The Classical Computer Vision Feature Stack
Pixel Statistics
Mean pixel intensity, standard deviation, min, max, and percentiles computed across the full image or per colour channel. Fast to compute, captures overall brightness and contrast. Surprisingly useful as baseline features for simple binary image classifiers.
Colour Histograms
A frequency distribution of pixel intensities across defined bins — per channel for RGB images or for grayscale. Colour histograms describe the overall colour composition of an image without caring about where objects are positioned. Robust to small translations and rotations.

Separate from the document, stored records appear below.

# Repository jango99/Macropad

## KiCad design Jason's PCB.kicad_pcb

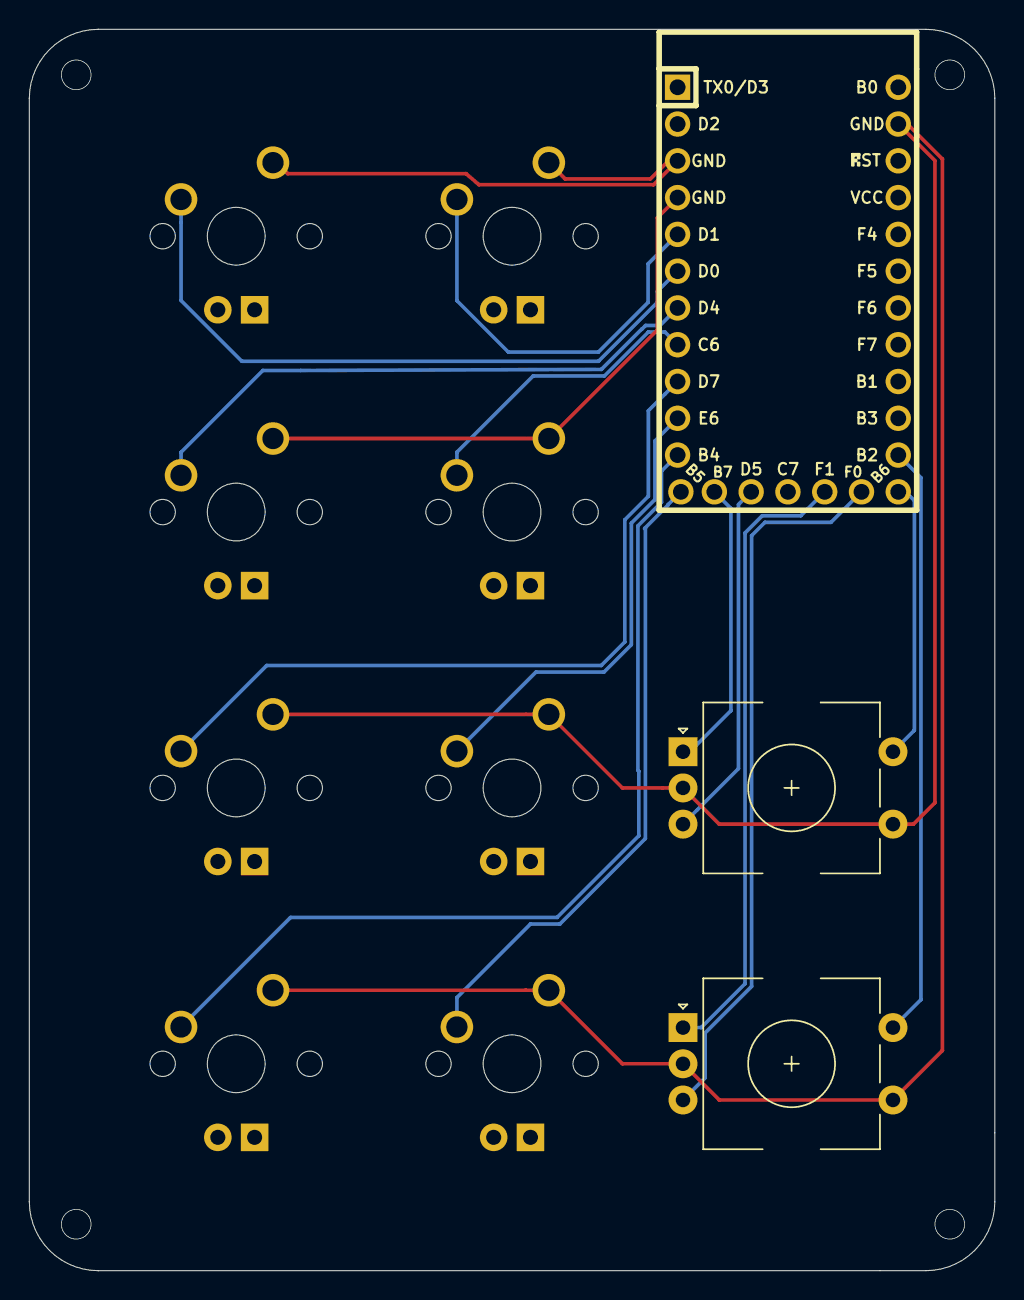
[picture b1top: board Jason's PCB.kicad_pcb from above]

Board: 2 copper layers, 66.7 x 85.7 mm, 11 parts (0 on the bottom side), 15 nets.

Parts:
SW_A1, SW_A2: MX_LED; MXOnly-1U
SW_B1, SW_B2: MX_LED; MXOnly-1U
SW_C1, SW_C2: MX_LED; MXOnly-1U
SW_D1, SW_D2: MX_LED; MXOnly-1U
SW_E1, SW_E2: Rotary_Encoder_Switch; RotaryEncoder_EC11
U1: Elite-C

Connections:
Enc1A: SW_E1.A, U1.25
Enc1B: SW_E1.B, U1.26
Enc2A: SW_E2.A, U1.28
Enc2B: SW_E2.B, U1.29
GND: SW_A1.2, SW_A2.2, SW_B1.2, SW_B2.2, SW_C1.2, SW_C2.2, SW_D1.2, SW_D2.2, SW_E1.C, SW_E1.S1, SW_E2.C, SW_E2.S1, U1.3, U1.4, U1.23
SWA1: SW_A1.1, U1.6
SWA2: SW_A2.1, U1.5
SWB1: SW_B1.1, U1.7
SWB2: SW_B2.1, U1.8
SWC1: SW_C1.1, U1.9
SWC2: SW_C2.1, U1.10
SWC3: SW_E1.S2, U1.13
SWD1: SW_D1.1, U1.11
SWD2: SW_D2.1, U1.12
SWD3: SW_E2.S2, U1.14

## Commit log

2019-12-18 Kicad PCB schematics
2019-12-18 Add submodules
2019-12-18 More submodules
2019-12-18 Added footprint/symbol libraries
2019-12-18 Schematic Diagram
2019-12-18 Schematic updates
2019-12-19 Schematic/PCB General Shape
    -Added 2 rotary encoder
    -Simplified PCB. No need for diodes.
    -Added outside edges of PCB
2019-12-19 Formatting
    -Changes some labels
2019-12-19 Revert "Formatting"
    This reverts commit f1c91c2560923d7a35fc048f965f097b1ceabb0f.
2019-12-21 Adjusted rotary encoder placements
2019-12-21 Edge cut changes
    - Consistent 4.76 mm bezel around switches
2019-12-25 Routing
    -Changed nets in schematic to make routing easier
2019-12-28 More routing changes
2019-12-31 Initial SVG sandwich mount commit
2020-01-01 Created .stl of .svg files for case
2020-01-17 gerber updates
2020-01-18 Fixed Drills/gerbers
2020-02-10 QMK_firmware added
2020-02-16 Renamed project/remade case
2020-03-02 fixed encoder
2020-03-02 changed binds
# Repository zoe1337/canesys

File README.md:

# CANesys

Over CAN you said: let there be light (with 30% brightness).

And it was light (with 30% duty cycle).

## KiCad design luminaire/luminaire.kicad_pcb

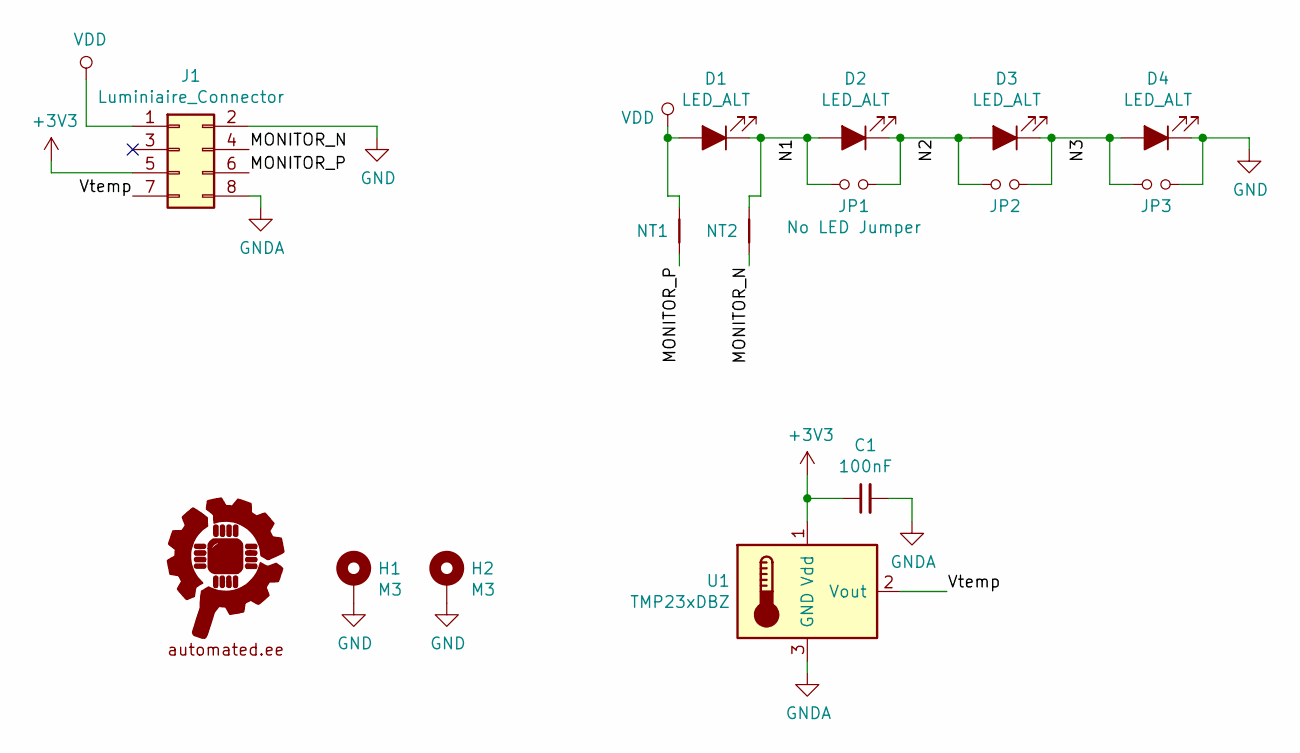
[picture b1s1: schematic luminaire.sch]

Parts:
C1: 100nF; C_0603_1608Metric
D1, D2, D3, D4: LED_ALT; LED_Osram_DURIS_S5_3x2.55x0.6mm
G1: Fully_Automated_Logo; falogo_small_copper
H1, H2: M3; MountingHole_3.2mm_M3_Pad_Via
J1: Luminiaire_Connector; PinHeader_2x04_P2.54mm_Vertical_SMD
JP1, JP2, JP3: No LED Jumper; SolderJumper-2_P1.3mm_Open_Pad1.0x1.5mm
NT1: MONITOR_P; NetTie-2_SMD_Pad0.5mm
NT2: NONITOR_N; NetTie-2_SMD_Pad0.5mm
U1: TMP23xDBZ; SOT-23

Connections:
+3V3: C1.1, J1.5, U1.1 (Vdd)
/MONITOR_N: J1.4, NT2.2
/MONITOR_P: J1.6, NT1.2
/N1: D1.1 (K), D2.2 (A), JP1.1, NT2.1
/N2: D2.1 (K), D3.2 (A), JP1.2, JP2.1
/N3: D3.1 (K), D4.2 (A), JP2.2, JP3.1
/Vtemp: J1.7, U1.2 (Vout)
GND: D4.1 (K), H1.1, H2.1, J1.2, JP3.2
GNDA: C1.2, J1.8, U1.3 (GND)
VDD: D1.2 (A), J1.1, NT1.1

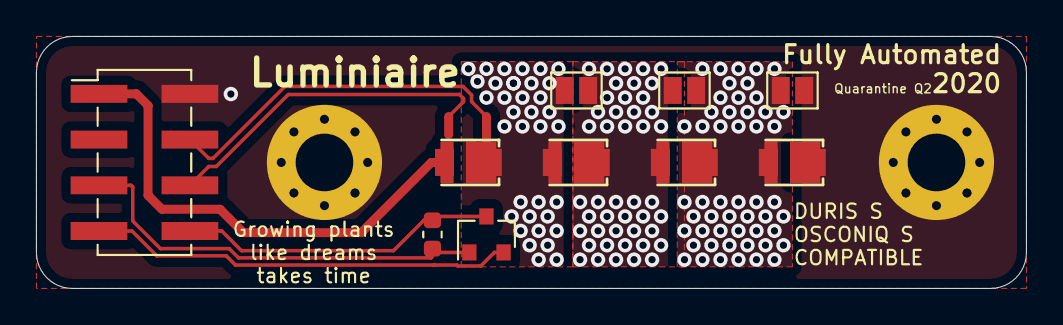
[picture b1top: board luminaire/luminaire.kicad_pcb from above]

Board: 2 copper layers, 55.0 x 14.0 mm, 15 parts (1 on the bottom side), 10 nets.

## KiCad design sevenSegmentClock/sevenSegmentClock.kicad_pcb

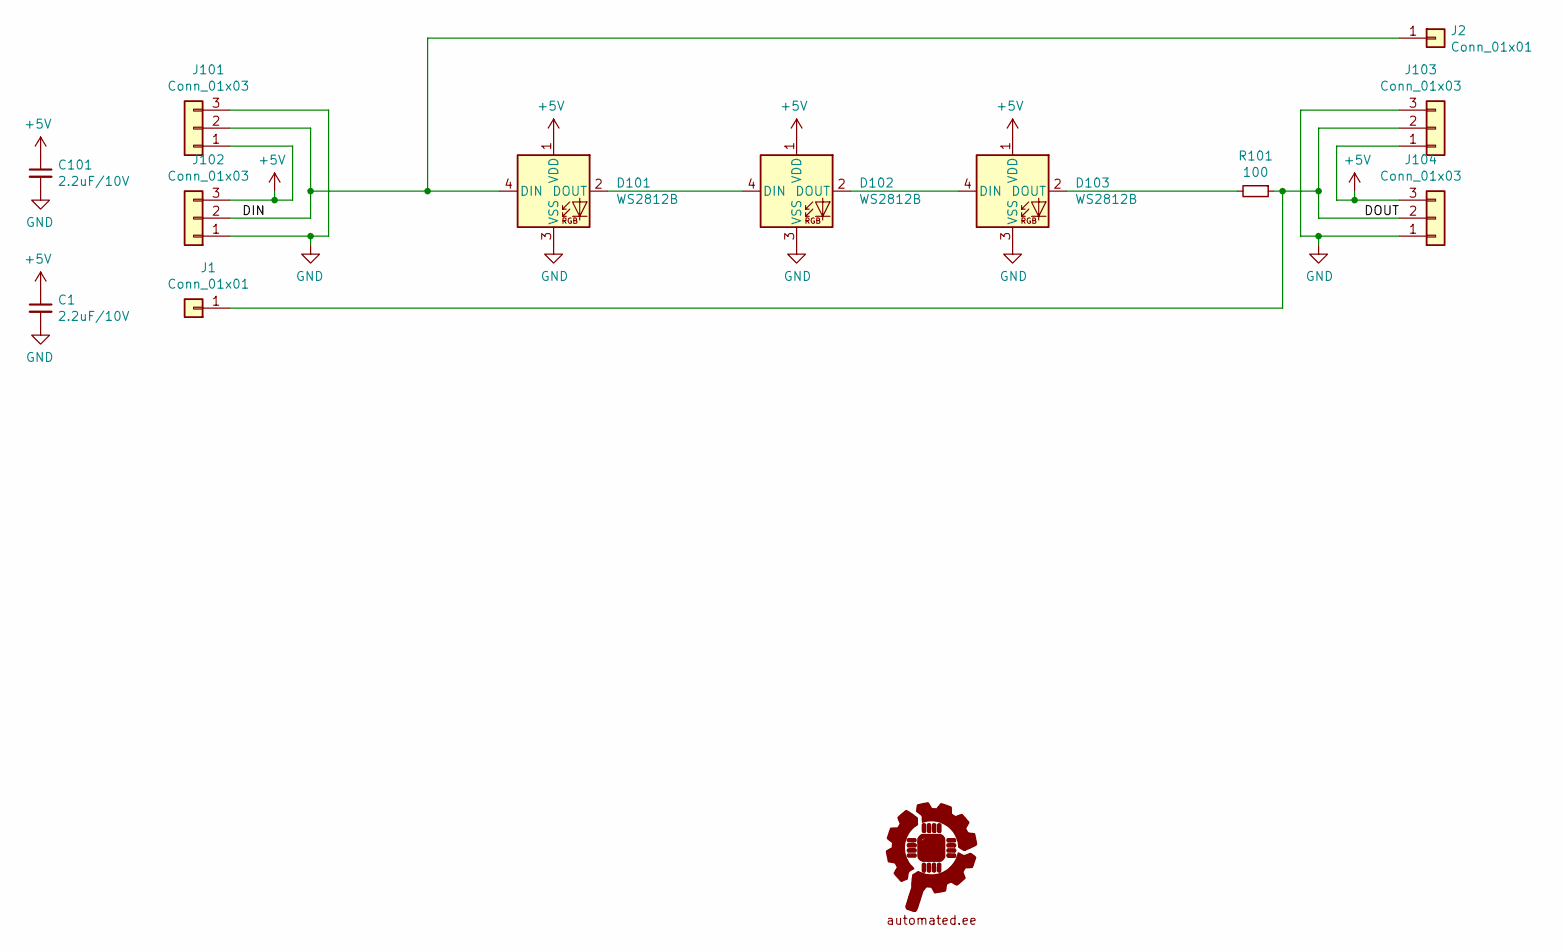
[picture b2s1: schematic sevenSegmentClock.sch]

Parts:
C1, C101: 2.2uF/10V; C_0603_1608Metric
D101, D102, D103: WS2812B; LED_SK6812MINI_PLCC4_3.5x3.5mm_P1.75mm
G101: Fully_Automated_Logo; fully_automated_logo_soldermask
J1, J2: Conn_01x01; TestPoint_THTPad_1.5x1.5mm_Drill0.7mm
J101, J102, J103, J104: Conn_01x03; PinHeader_1x03_P2.00mm_Vertical
R101: 100; R_0603_1608Metric

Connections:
+5V: C1.1, C101.1, D101.1 (VDD), D102.1 (VDD), D103.1 (VDD), J101.1, J102.3, J103.1, J104.3
/DIN: D101.4 (DIN), J2.1, J101.2, J102.2
/DOUT: J1.1, J103.2, J104.2, R101.1
GND: C1.2, C101.2, D101.3 (VSS), D102.3 (VSS), D103.3 (VSS), J101.3, J102.1, J103.3, J104.1
unnamed: D101.2 (DOUT), D102.4 (DIN)
unnamed: D102.2 (DOUT), D103.4 (DIN)
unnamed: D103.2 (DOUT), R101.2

Edge and Gradient Features
Edges are where pixel intensity changes sharply — object boundaries, textures, and structural lines. Gradient magnitude and direction reveal where those changes occur and how strong they are. Edge density is a compact summary of how much structure (vs smooth background) an image contains.
Histogram of Oriented Gradients (HOG)
HOG divides the image into small cells, computes gradient orientation histograms per cell, and concatenates them into a compact descriptor vector. It captures local shape and texture information in a way that is partially invariant to illumination changes. The feature that powered pedestrian detection for a decade before CNNs.
Deep Features from Pretrained CNNs
Extract the penultimate layer output of a pretrained network (ResNet, VGG, EfficientNet) as a fixed-length feature vector. This is transfer learning as feature engineering — the CNN has already learned rich representations from millions of images. These deep features typically outperform all classical descriptors with far less engineering effort.
Pixel Statistics and Colour Histogram Features
The scenario:
You're a machine learning engineer at a manufacturing plant building a defect detection system. Images of metal panels arrive on a conveyor belt — some are clean, some have surface defects. You have 500 labelled images but cannot afford a full CNN training run. Your first step is to extract cheap pixel statistics and colour histogram features that will work with a lightweight classifier like a random forest or SVM. The code here uses NumPy to simulate what you'd do with real images loaded via PIL or OpenCV.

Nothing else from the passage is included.